Visite de la cathédrale de Lausanne (1456)

Die Transkription lautet:

[en marge : Mauricii]
Item visitarunt altare Sancti Mauricii eadem die, fondatum per dominum Johannem de Montsalvens, in quo sunt duo capellani qui tenentur omni die celebrare alternatis vicibus habent nunc domini Nicodus Pillet et Guillelmus Archerii, presbiteri, et tenentur interesse magne misse meridiei et completoriorum.
Prefatus dominus Nicodus est absens nec comparuit.
Primo, visitarunt predictum altare, quod bene stat cum suis ornamentis, calice argenti et chanetis acque missali.
Item predictus dominus Guillelmus Archerii, interrogatus quantum percipiat annuatim de redditibus dicti altaris, dixit se [biffé : nescire] nichil percipere. Interrogatus quod missas celebrat in ebdomada, dixit quod ter vel quater in anno tamen.
Et fuit sibi iniunctum quod infra quindecim dies faciat fidem de institutione.
Item quod veniat socius suus, videlicet prefatus dominus Nicodus Pillieti, infra id tempus.
Item quod ipsi simul faciant religari missale dicti altaris.
Übersetzung:

[Saint-Maurice]

De même, ils visitèrent l’autel Saint-Maurice le même jour (22 juin), fondé par le seigneur Jean de Montsalvens, pour lequel sont [astreints] deux chapelains tenus de célébrer chaque jour en alternance l’un de l’autre, à savoir les seigneurs Nicod Pilliet et Guillaume Archer, prêtres, et tenus d’assister à la grande messe de midi et à l’office de complies.

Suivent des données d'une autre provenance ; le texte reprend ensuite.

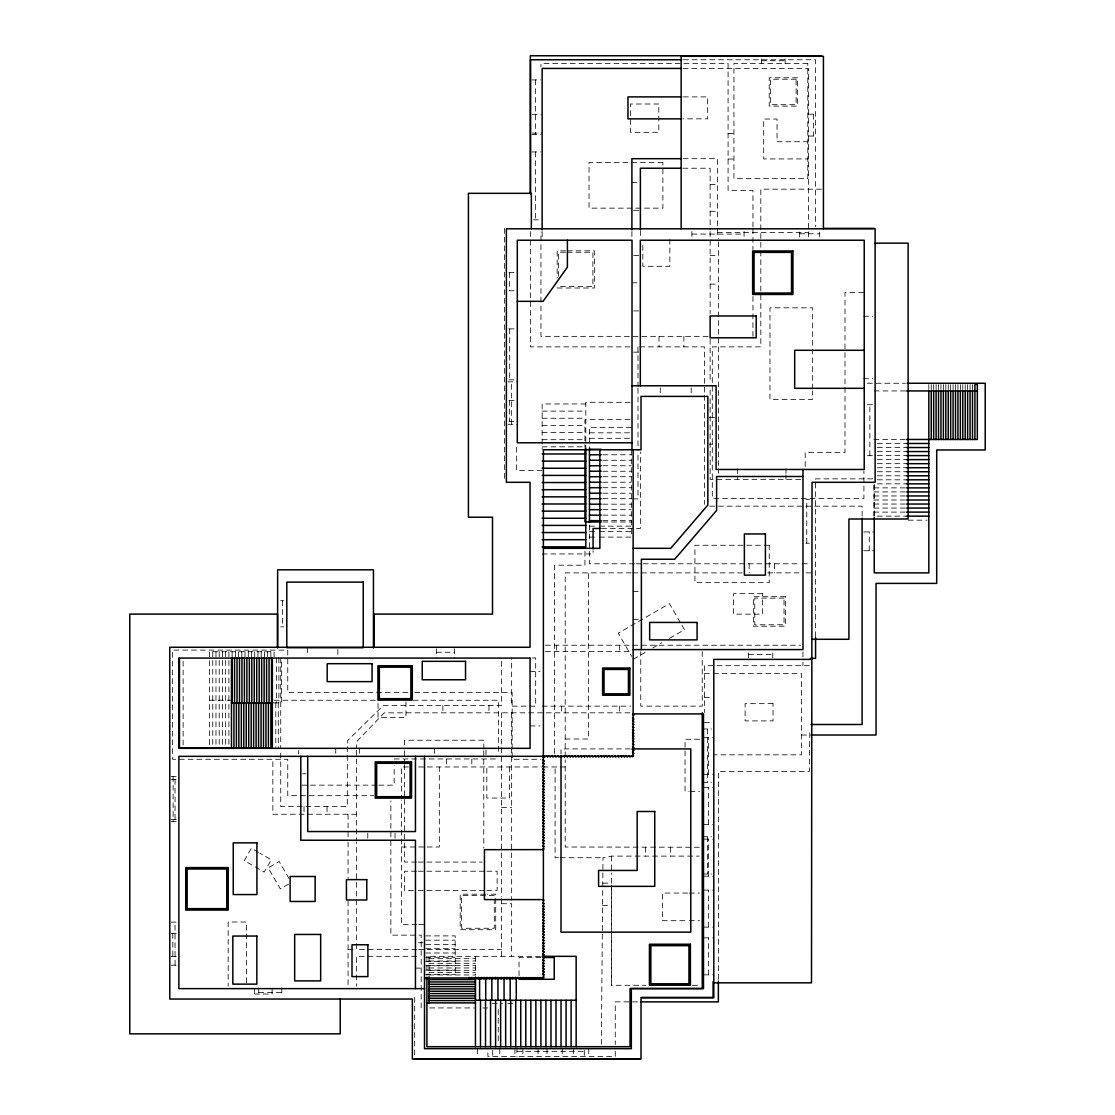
<?xml version="1.0" encoding="UTF-8"?>
<svg xmlns="http://www.w3.org/2000/svg" width="1115" height="1115" viewBox="0 0 1115 1115"><rect width="100%" height="100%" fill="white"/><g stroke="black" fill="none" stroke-linecap="round" stroke-linejoin="round"><path stroke-width="0.75" stroke-dasharray="5 3.75" d="M175.041 965.214L175.041 922.147M175.041 819.372L175.041 779.343M511.646 424.285L511.646 381.832M708.527 974.845L708.527 937.854M708.527 927.109L708.527 890.118M708.527 876.139L708.527 839.135M708.527 824.417L708.527 787.427M708.527 774.591L708.527 737.6M806.772 543.186L806.772 499.52M869.254 550.74L869.254 531.953M869.853 455.687L869.853 404.731M601.333 1044.211L603.006 857.714L611.564 856.111L699.328 856.111M611.55 884.906L611.564 985.298L645.961 985.298M718.367 979.346L718.367 771.399L809.337 771.399L809.824 732.011M633.32 659.23L645.348 652.275M652.874 647.94L661.906 642.714M669.432 638.379L684.485 629.682L681.154 623.898M288.576 884.111L280.311 888.878L268.185 867.874L279.196 861.505L290.458 881.017M683.467 59.764L815.567 59.764L815.567 226.624M761.475 60.74L785.127 60.74M683.091 68.433L808.375 68.433L808.375 238.568M531.869 79.918L540.956 79.918M683.397 96.894L707.649 96.894L707.649 118.859L683.397 118.859M532.176 114.315L542.141 114.315M808.375 114.204L815.567 114.204M532.176 133.117L542.141 133.117M728.081 133.549L733.935 133.549M531.869 134.497L540.956 134.497M808.375 136.044L815.567 136.044M808.375 141.744L777.03 141.744L777.03 119.04L763.691 119.04L763.691 158.943L808.375 158.943M531.869 151.933L540.956 151.933M683.202 158.692L717.405 158.692L717.405 232.519L718.381 238.568M728.081 159.027L733.935 159.027M682.91 168.226L710.13 168.226L710.13 229.913M631.898 182.414L640.386 182.414M710.13 184.588L717.405 184.588M821.462 189.174L760.82 189.174L760.82 346.863L712.29 346.863L712.29 498.489L863.916 498.489L863.916 470.962M633.599 210.317L640.386 210.317M710.13 211.279L717.405 211.279M533.374 219.864L540.956 219.864M717.405 232.519L808.375 232.519M799.664 233.788L819.678 233.788M691.913 234.066L744.067 234.066M565.612 250.833L557.165 250.833L557.165 277.872M567.298 250.833L594.337 250.833L594.337 288.005L557.165 288.005M565.444 252.255L558.587 252.255L558.587 276.283M567.159 252.255L592.901 252.255L592.901 286.583L558.587 286.583M633.668 255.516L638.644 255.516M710.13 255.614L718.618 255.614M509.025 272.562L515.13 272.562M632.01 282.806L638.644 282.806M710.13 284.116L718.618 284.116M509.025 290.764L515.13 290.764M863.568 292.423L844.989 292.423L844.989 452.537L805.183 452.537L805.183 467.101M633.599 310.918L640.386 310.918M863.568 316.228L872.85 316.228M509.025 328.883L516.663 328.883M708.053 336.354L540.956 336.354L540.956 232.031M630.017 346.863L530.35 346.863L530.35 231.627M639.689 346.863L704.429 346.863L704.429 393.623M633.599 352.159L640.386 352.159M863.568 378.696L872.85 378.696M509.025 379.825L515.13 379.825M507.938 381.832L517.304 381.832M867.386 383.253L905.505 383.253M874.244 390.933L906.648 390.933M509.025 400.369L515.13 400.369M630.212 402.292L585.807 402.292L585.807 447.659M585.807 403.964L542.141 403.964L542.141 449.401M867.331 404.731L872.488 404.731M542.141 411.114L585.807 411.114M709.502 417.498L716.123 417.498M542.141 418.25L585.807 418.25M629.989 419.644L584.929 419.644L584.929 447.366M509.025 421.595L515.13 421.595M507.938 424.285L517.304 424.285M542.141 425.4L585.807 425.4M631.327 427.324L589.473 427.324L589.473 448.188M542.141 432.536L585.807 432.536M589.473 432.815L629.64 432.815M589.473 438.307L629.64 438.307M873.937 439.463L906.648 439.463M542.141 439.686L585.807 439.686M877.366 443.491L906.523 443.491M709.502 444.174L712.806 444.174M542.141 446.836L585.807 446.836M877.366 447.533L906.523 447.533M877.366 451.561L906.523 451.561M602.867 454.781L631.327 454.781M877.366 455.603L906.523 455.603M867.331 455.687L872.488 455.687M877.366 459.631L906.523 459.631M602.867 460.258L631.327 460.258M877.366 463.673L906.523 463.673M602.867 465.749L631.327 465.749M877.366 467.715L906.523 467.715M542.141 470.53L516.663 470.53L516.663 444.55M602.867 471.241L631.327 471.241M877.366 471.743L906.523 471.743M877.366 475.784L906.523 475.784M602.867 476.732L631.327 476.732M872.669 478.851L815.567 478.851L815.567 637.655M800.682 479.352L710.13 479.352L710.13 387.881M877.366 479.812L906.523 479.812M602.867 482.224L631.327 482.224M877.366 483.854L906.523 483.854M602.867 487.715L631.327 487.715M873.937 487.882L906.523 487.882M873.937 491.924L906.523 491.924M602.867 493.206L631.327 493.206M873.937 495.952L906.523 495.952M602.867 498.684L631.327 498.684M632.986 498.893L637.989 498.893L637.989 452.244M805.992 499.52L809.406 499.52M873.937 499.994L906.523 499.994M873.937 504.036L906.523 504.036M602.867 504.175L631.327 504.175M709.628 506.168L862.118 506.168L862.118 516.566M873.937 508.064L906.523 508.064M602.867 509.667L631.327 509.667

Le dénommé Nicod est absent ou ne s’est pas présenté.

Premièrement, ils visitèrent ledit autel, qui se présente bien avec ses ornements, son calice en argent et ses burettes ainsi que le missel.

De même, le dénommé Guillaume Archer, interrogé au sujet de ce qu’il perçoit annuellement des rentes dudit autel, dit ne rien recevoir [biffé : ne pas savoir]. Interrogé sur le nombre de messe qu’il récite dans la semaine, il dit qu’il en récite trois ou quatre, mais dans l’année.

Et il lui a été imposé de faire foi de son institution dans les quinze jours.

Et que son associé, Nicod Pilliet, se présente [à nous] dans ce laps de temps.

Et qu’ils fassent relier tous deux le missel dudit autel.

La notice concernant la visite de l'autel Saint-Maurice montre quels peuvent être le laisser-aller auxquels sont parfois confrontés les commissaires: ici, on remarque que l'un des chapelains, sensé célébrer des messes hebdomadaires, se contente de 3 ou 4 messes au cours de l'année, témoignant d'un certain abandon de l'autel. Les sources signalent par ailleurs très rarement cet autel et les services qui y ont lieu. En 1529, lors d'une autre visite conservée, il n'apparait pas dans la liste. Par ailleurs, on demande aux chapelains de faire relier le missel qui était probablement dans un état de conservation inquiétant.